Cytokines/chemokines/soluble receptors assay
Cytokines, chemokines, and soluble receptors were quantified using Bio-Plex 200 system, a multiplex cytokine array system (Bio-Rad Laboratories, CA, USA) according to the manufacturer's instructions. Blood sera from healthy subjects and COVID-19 patients were collected and centrifuged at 1600g for 10 min. Serum samples were frozen at −80 oC until they were analyzed. We simultaneously quantified cytokines, chemokines, and soluble receptors. The Bio-Plex Human Cytokine 48-Plex Panel and Inflammation Panel (Bio-Rad Laboratories, CA, USA) was used to simultaneously quantify 78 items: CTACK, Eotaxin, FGF basic, G-CSF, GM-CSF, GRO-α, HGF, IFN-α2, IFN-γ, IL-1α, IL-1β, IL-1ra, IL-2, IL-2Rα, IL-3, IL-4, IL-5, IL-6, IL-7, IL-8, IL-9, IL-10, IL-12(p40), IL-12(p70), IL-13, IL-15, IL-16, IL-17, IL-18, IP-10, LIF, MCP-1(MCAF), MCP-3, M-CSF, MIF, MIG, MIP-1α, MIP-1β, β-NGF, PDGF-BB, RANTES, SCF, SCGF-β, SDF-1α, TNF-α, TNF-β, TRAIL, VEGF) and inflammation panel (37 plex: APRIL, BAFF, CD30, CD163, Chitinase, sgp130, IFN-α 2, IFN-β, IFN-γ, sIL-6Ra, IL-10, IL-11, IL-12(p40), IL-12 (p70), IL-19, IL-20, IL-22, IL-26, IL-27, IL-28A, IL-29, IL-32, IL-34, IL-35, LIGHT, MMP-1, MMP-2, MMP-3, Osteocalcin, Osteopontin, Pentraxin-3, sTNF-R1, sTNF-R2, TSLP, TWEAK. The following were excluded from the inflammation panel for data analysis: IFN-α2, IFN-γ, IL-2, IL-8, IL-10, IL-12(p40), and IL-12(p70).

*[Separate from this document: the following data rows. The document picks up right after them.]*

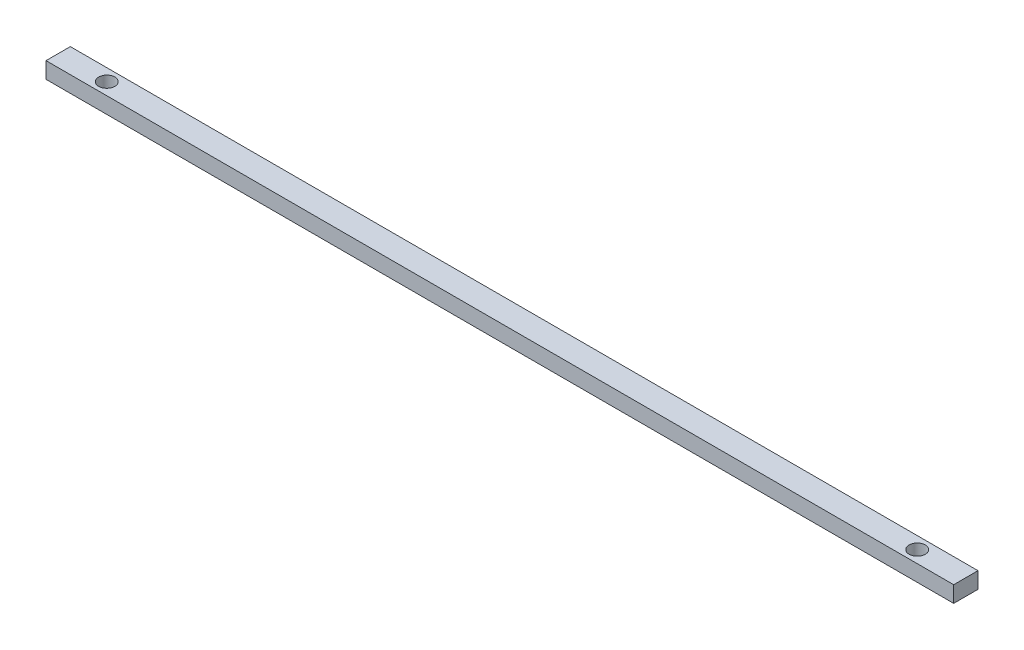
ISO-10303-21;
HEADER;
FILE_DESCRIPTION(('STEP AP214'),'2;1');
FILE_NAME('part.step','',(''),(''),'','','');
FILE_SCHEMA(('AUTOMOTIVE_DESIGN { 1 0 10303 214 1 1 1 1 }'));
ENDSEC;
DATA;
#1=APPLICATION_CONTEXT('core data for automotive mechanical design processes');
#2=APPLICATION_PROTOCOL_DEFINITION('international standard','automotive_design',2000,#1);
#3=PRODUCT_CONTEXT('',#1,'mechanical');
#4=PRODUCT('Part','Part','',(#3));
#5=PRODUCT_RELATED_PRODUCT_CATEGORY('part','',(#4));
#6=PRODUCT_DEFINITION_FORMATION('','',#4);
#7=PRODUCT_DEFINITION_CONTEXT('part definition',#1,'design');
#8=PRODUCT_DEFINITION('design','',#6,#7);
#9=PRODUCT_DEFINITION_SHAPE('','',#8);
#10=(LENGTH_UNIT() NAMED_UNIT(*) SI_UNIT(.MILLI.,.METRE.));
#11=(NAMED_UNIT(*) PLANE_ANGLE_UNIT() SI_UNIT($,.RADIAN.));
#12=(NAMED_UNIT(*) SI_UNIT($,.STERADIAN.) SOLID_ANGLE_UNIT());
#13=UNCERTAINTY_MEASURE_WITH_UNIT(LENGTH_MEASURE(1.E-05),#10,'distance_accuracy_value','');
#14=(GEOMETRIC_REPRESENTATION_CONTEXT(3) GLOBAL_UNCERTAINTY_ASSIGNED_CONTEXT((#13)) GLOBAL_UNIT_ASSIGNED_CONTEXT((#10,
#11,#12)) REPRESENTATION_CONTEXT('',''));
#15=CARTESIAN_POINT('',(0.,0.,0.));
#16=DIRECTION('',(0.,0.,1.));
#17=DIRECTION('',(1.,0.,0.));
#18=AXIS2_PLACEMENT_3D('',#15,#16,#17);
#19=CARTESIAN_POINT('',(560.,5.,-7.5));
#20=DIRECTION('',(0.,0.,1.));
#21=DIRECTION('',(0.,-1.,0.));
#22=AXIS2_PLACEMENT_3D('',#19,#20,#21);
#23=PLANE('',#22);
#24=DIRECTION('',(0.,1.,0.));
#25=VECTOR('',#24,1.);
#26=CARTESIAN_POINT('',(0.,5.,-7.5));
#27=LINE('',#26,#25);
#28=CARTESIAN_POINT('',(0.,-5.,-7.5));
#29=VERTEX_POINT('',#28);
#30=CARTESIAN_POINT('',(0.,5.,-7.5));
#31=VERTEX_POINT('',#30);
#32=EDGE_CURVE('E96',#29,#31,#27,.T.);
#33=ORIENTED_EDGE('',*,*,#32,.T.);
#34=DIRECTION('',(-1.,0.,0.));
#35=VECTOR('',#34,1.);
#36=CARTESIAN_POINT('',(560.,5.,-7.5));
#37=LINE('',#36,#35);
#38=CARTESIAN_POINT('',(560.,5.,-7.5));
#39=VERTEX_POINT('',#38);
#40=EDGE_CURVE('E11',#39,#31,#37,.T.);
#41=ORIENTED_EDGE('',*,*,#40,.F.);
#42=DIRECTION('',(0.,1.,0.));
#43=VECTOR('',#42,1.);
#44=CARTESIAN_POINT('',(560.,5.,-7.5));
#45=LINE('',#44,#43);
#46=CARTESIAN_POINT('',(560.,-5.,-7.5));
#47=VERTEX_POINT('',#46);
#48=EDGE_CURVE('E84',#47,#39,#45,.T.);
#49=ORIENTED_EDGE('',*,*,#48,.F.);
#50=DIRECTION('',(-1.,0.,0.));
#51=VECTOR('',#50,1.);
#52=CARTESIAN_POINT('',(560.,-5.,-7.5));
#53=LINE('',#52,#51);
#54=EDGE_CURVE('E92',#47,#29,#53,.T.);
#55=ORIENTED_EDGE('',*,*,#54,.T.);
#56=EDGE_LOOP('',(#33,#41,#49,#55));
#57=FACE_BOUND('',#56,.T.);
#58=ADVANCED_FACE('F33',(#57),#23,.F.);
#59=CARTESIAN_POINT('',(560.,5.,7.5));
#60=DIRECTION('',(0.,-1.,0.));
#61=DIRECTION('',(0.,0.,-1.));
#62=AXIS2_PLACEMENT_3D('',#59,#60,#61);
#63=PLANE('',#62);
#64=CARTESIAN_POINT('',(30.,5.,0.));
#65=DIRECTION('',(0.,1.,0.));
#66=DIRECTION('',(0.,0.,1.));
#67=AXIS2_PLACEMENT_3D('',#64,#65,#66);
#68=CIRCLE('',#67,5.);
#69=CARTESIAN_POINT('',(30.,5.,5.));
#70=VERTEX_POINT('',#69);
#71=EDGE_CURVE('E116',#70,#70,#68,.T.);
#72=ORIENTED_EDGE('',*,*,#71,.F.);
#73=EDGE_LOOP('',(#72));
#74=FACE_BOUND('',#73,.T.);
#75=CARTESIAN_POINT('',(530.,5.,0.));
#76=DIRECTION('',(0.,1.,0.));
#77=DIRECTION('',(0.,0.,1.));
#78=AXIS2_PLACEMENT_3D('',#75,#76,#77);
#79=CIRCLE('',#78,5.00000000000004);
#80=CARTESIAN_POINT('',(530.,5.,5.00000000000004));
#81=VERTEX_POINT('',#80);
#82=EDGE_CURVE('E110',#81,#81,#79,.T.);
#83=ORIENTED_EDGE('',*,*,#82,.F.);
#84=EDGE_LOOP('',(#83));
#85=FACE_BOUND('',#84,.T.);
#86=DIRECTION('',(0.,0.,1.));
#87=VECTOR('',#86,1.);
#88=CARTESIAN_POINT('',(0.,5.,7.5));
#89=LINE('',#88,#87);
#90=CARTESIAN_POINT('',(0.,5.,7.5));
#91=VERTEX_POINT('',#90);
#92=EDGE_CURVE('E88',#31,#91,#89,.T.);
#93=ORIENTED_EDGE('',*,*,#92,.T.);
#94=DIRECTION('',(-1.,0.,0.));
#95=VECTOR('',#94,1.);
#96=CARTESIAN_POINT('',(560.,5.,7.5));
#97=LINE('',#96,#95);
#98=CARTESIAN_POINT('',(560.,5.,7.5));
#99=VERTEX_POINT('',#98);
#100=EDGE_CURVE('E41',#99,#91,#97,.T.);
#101=ORIENTED_EDGE('',*,*,#100,.F.);
#102=DIRECTION('',(0.,0.,1.));
#103=VECTOR('',#102,1.);
#104=CARTESIAN_POINT('',(560.,5.,7.5));
#105=LINE('',#104,#103);
#106=EDGE_CURVE('E79',#39,#99,#105,.T.);
#107=ORIENTED_EDGE('',*,*,#106,.F.);
#108=ORIENTED_EDGE('',*,*,#40,.T.);
#109=EDGE_LOOP('',(#93,#101,#107,#108));
#110=FACE_BOUND('',#109,.T.);
#111=ADVANCED_FACE('F87',(#74,#85,#110),#63,.F.);
#112=CARTESIAN_POINT('',(560.,5.,7.5));
#113=DIRECTION('',(0.,0.,-1.));
#114=DIRECTION('',(0.,1.,0.));
#115=AXIS2_PLACEMENT_3D('',#112,#113,#114);
#116=PLANE('',#115);
#117=DIRECTION('',(0.,-1.,0.));
#118=VECTOR('',#117,1.);
#119=CARTESIAN_POINT('',(0.,5.,7.5));
#120=LINE('',#119,#118);
#121=CARTESIAN_POINT('',(0.,-5.,7.5));
#122=VERTEX_POINT('',#121);
#123=EDGE_CURVE('E66',#91,#122,#120,.T.);
#124=ORIENTED_EDGE('',*,*,#123,.T.);
#125=DIRECTION('',(-1.,0.,0.));
#126=VECTOR('',#125,1.);
#127=CARTESIAN_POINT('',(560.,-5.,7.5));
#128=LINE('',#127,#126);
#129=CARTESIAN_POINT('',(560.,-5.,7.5));
#130=VERTEX_POINT('',#129);
#131=EDGE_CURVE('E89',#130,#122,#128,.T.);
#132=ORIENTED_EDGE('',*,*,#131,.F.);
#133=DIRECTION('',(0.,-1.,0.));
#134=VECTOR('',#133,1.);
#135=CARTESIAN_POINT('',(560.,5.,7.5));
#136=LINE('',#135,#134);
#137=EDGE_CURVE('E82',#99,#130,#136,.T.);
#138=ORIENTED_EDGE('',*,*,#137,.F.);
#139=ORIENTED_EDGE('',*,*,#100,.T.);
#140=EDGE_LOOP('',(#124,#132,#138,#139));
#141=FACE_BOUND('',#140,.T.);
#142=ADVANCED_FACE('F90',(#141),#116,.F.);
#143=CARTESIAN_POINT('',(560.,-5.,7.5));
#144=DIRECTION('',(0.,1.,0.));
#145=DIRECTION('',(0.,0.,1.));
#146=AXIS2_PLACEMENT_3D('',#143,#144,#145);
#147=PLANE('',#146);
#148=CARTESIAN_POINT('',(30.,-5.,0.));
#149=DIRECTION('',(0.,1.,0.));
#150=DIRECTION('',(0.,0.,1.));
#151=AXIS2_PLACEMENT_3D('',#148,#149,#150);
#152=CIRCLE('',#151,5.);
#153=CARTESIAN_POINT('',(30.,-5.,5.));
#154=VERTEX_POINT('',#153);
#155=EDGE_CURVE('E99',#154,#154,#152,.T.);
#156=ORIENTED_EDGE('',*,*,#155,.T.);
#157=EDGE_LOOP('',(#156));
#158=FACE_BOUND('',#157,.T.);
#159=CARTESIAN_POINT('',(530.,-5.,0.));
#160=DIRECTION('',(0.,1.,0.));
#161=DIRECTION('',(0.,0.,1.));
#162=AXIS2_PLACEMENT_3D('',#159,#160,#161);
#163=CIRCLE('',#162,5.00000000000004);
#164=CARTESIAN_POINT('',(530.,-5.,5.00000000000004));
#165=VERTEX_POINT('',#164);
#166=EDGE_CURVE('E113',#165,#165,#163,.T.);
#167=ORIENTED_EDGE('',*,*,#166,.T.);
#168=EDGE_LOOP('',(#167));
#169=FACE_BOUND('',#168,.T.);
#170=DIRECTION('',(0.,0.,-1.));
#171=VECTOR('',#170,1.);
#172=CARTESIAN_POINT('',(0.,-5.,7.5));
#173=LINE('',#172,#171);
#174=EDGE_CURVE('E72',#122,#29,#173,.T.);
#175=ORIENTED_EDGE('',*,*,#174,.T.);
#176=ORIENTED_EDGE('',*,*,#54,.F.);
#177=DIRECTION('',(0.,0.,-1.));
#178=VECTOR('',#177,1.);
#179=CARTESIAN_POINT('',(560.,-5.,7.5));
#180=LINE('',#179,#178);
#181=EDGE_CURVE('E49',#130,#47,#180,.T.);
#182=ORIENTED_EDGE('',*,*,#181,.F.);
#183=ORIENTED_EDGE('',*,*,#131,.T.);
#184=EDGE_LOOP('',(#175,#176,#182,#183));
#185=FACE_BOUND('',#184,.T.);
#186=ADVANCED_FACE('F104',(#158,#169,#185),#147,.F.);
#187=CARTESIAN_POINT('',(560.,0.,0.));
#188=DIRECTION('',(1.,0.,0.));
#189=DIRECTION('',(0.,0.,-1.));
#190=AXIS2_PLACEMENT_3D('',#187,#188,#189);
#191=PLANE('',#190);
#192=ORIENTED_EDGE('',*,*,#48,.T.);
#193=ORIENTED_EDGE('',*,*,#106,.T.);
#194=ORIENTED_EDGE('',*,*,#137,.T.);
#195=ORIENTED_EDGE('',*,*,#181,.T.);
#196=EDGE_LOOP('',(#192,#193,#194,#195));
#197=FACE_BOUND('',#196,.T.);
#198=ADVANCED_FACE('F80',(#197),#191,.T.);
#199=CARTESIAN_POINT('',(0.,0.,0.));
#200=DIRECTION('',(1.,0.,0.));
#201=DIRECTION('',(0.,0.,-1.));
#202=AXIS2_PLACEMENT_3D('',#199,#200,#201);
#203=PLANE('',#202);
#204=ORIENTED_EDGE('',*,*,#32,.F.);
#205=ORIENTED_EDGE('',*,*,#174,.F.);
#206=ORIENTED_EDGE('',*,*,#123,.F.);
#207=ORIENTED_EDGE('',*,*,#92,.F.);
#208=EDGE_LOOP('',(#204,#205,#206,#207));
#209=FACE_BOUND('',#208,.T.);
#210=ADVANCED_FACE('F107',(#209),#203,.F.);
#211=CARTESIAN_POINT('',(530.,-5.,0.));
#212=DIRECTION('',(0.,1.,0.));
#213=DIRECTION('',(0.,0.,1.));
#214=AXIS2_PLACEMENT_3D('',#211,#212,#213);
#215=CYLINDRICAL_SURFACE('',#214,5.00000000000004);
#216=ORIENTED_EDGE('',*,*,#166,.F.);
#217=EDGE_LOOP('',(#216));
#218=FACE_BOUND('',#217,.T.);
#219=ORIENTED_EDGE('',*,*,#82,.T.);
#220=EDGE_LOOP('',(#219));
#221=FACE_BOUND('',#220,.T.);
#222=ADVANCED_FACE('F127',(#218,#221),#215,.F.);
#223=CARTESIAN_POINT('',(30.,-5.,0.));
#224=DIRECTION('',(0.,1.,0.));
#225=DIRECTION('',(0.,0.,1.));
#226=AXIS2_PLACEMENT_3D('',#223,#224,#225);
#227=CYLINDRICAL_SURFACE('',#226,5.);
#228=ORIENTED_EDGE('',*,*,#155,.F.);
#229=EDGE_LOOP('',(#228));
#230=FACE_BOUND('',#229,.T.);
#231=ORIENTED_EDGE('',*,*,#71,.T.);
#232=EDGE_LOOP('',(#231));
#233=FACE_BOUND('',#232,.T.);
#234=ADVANCED_FACE('F124',(#230,#233),#227,.F.);
#235=CLOSED_SHELL('',(#58,#111,#142,#186,#198,#210,#222,#234));
#236=MANIFOLD_SOLID_BREP('B2',#235);
#237=ADVANCED_BREP_SHAPE_REPRESENTATION('',(#18,#236),#14);
#238=SHAPE_DEFINITION_REPRESENTATION(#9,#237);
ENDSEC;
END-ISO-10303-21;

Patients’ samples were measured several times over a two-year period. Since there were lot-to-lot and measurement-to-measurement errors, these data were corrected based on the values of healthy subjects. The following items, IL-19, IL-20, IL-26, IL-28A, IL-29, IL-35, LIGHT, were further excluded from the analysis because they had large inter-kit errors and low measurement sensitivity.
Statistical analysis
Cytokine, chemokine, and soluble receptor values were analyzed to determine whether the raw values or log-transformed values were more normally distributed. Based on the results of this analysis, the log-transformed values were used and ANOVA was performed. Quantitative data were presented as means ± SEM and the significance of the difference between the groups was evaluated using Dunnett’s test with a value of P < 0.05 considered significant. All statistical analyses were carried out with JMP 20.0.
The aim of the study was to use cytokines/chemokines/soluble receptors data collected within 7 days of COVID onset, to predict whether a patient would subsequently need hospitalization or deteriorate to a moderate disease state or worse. To achieve this, we employed a binary logistic regression model. To refine the predictors, we utilized the Least Absolute Shrinkage and Selection Operator (LASSO) regression to select relevant cytokines as candidate markers22). The selection of the optimal number of variables was guided by Leave-One-Out Cross Validation (LOO CV). LOO-CV is usually known to be over-trained. However, in this case, the correct generalization performance can be evaluated using validation data. This method does not need to consider variations due to partitioning (such as k-fold). Due to the disproportionate distribution of disease severities in the Bangladeshi COVID-19 patients, we applied weights to minimize potential bias in the data. The performance of the logistic regression model was assessed using both training and validation datasets, including determining the Area Under the Curve (AUC) from the Receiver Operating Characteristic (ROC) curve and calculating performance metrics such as specificity and sensitivity. All analyses were conducted using the R language v4.2 (https://www.r-project.org/), with the glmnet 4.1-7 package supporting variable selection and logistic regression analysis. Furthermore, the pROC package version 1.18.4 was utilized to evaluate the model's performance through the ROC curve and AUC.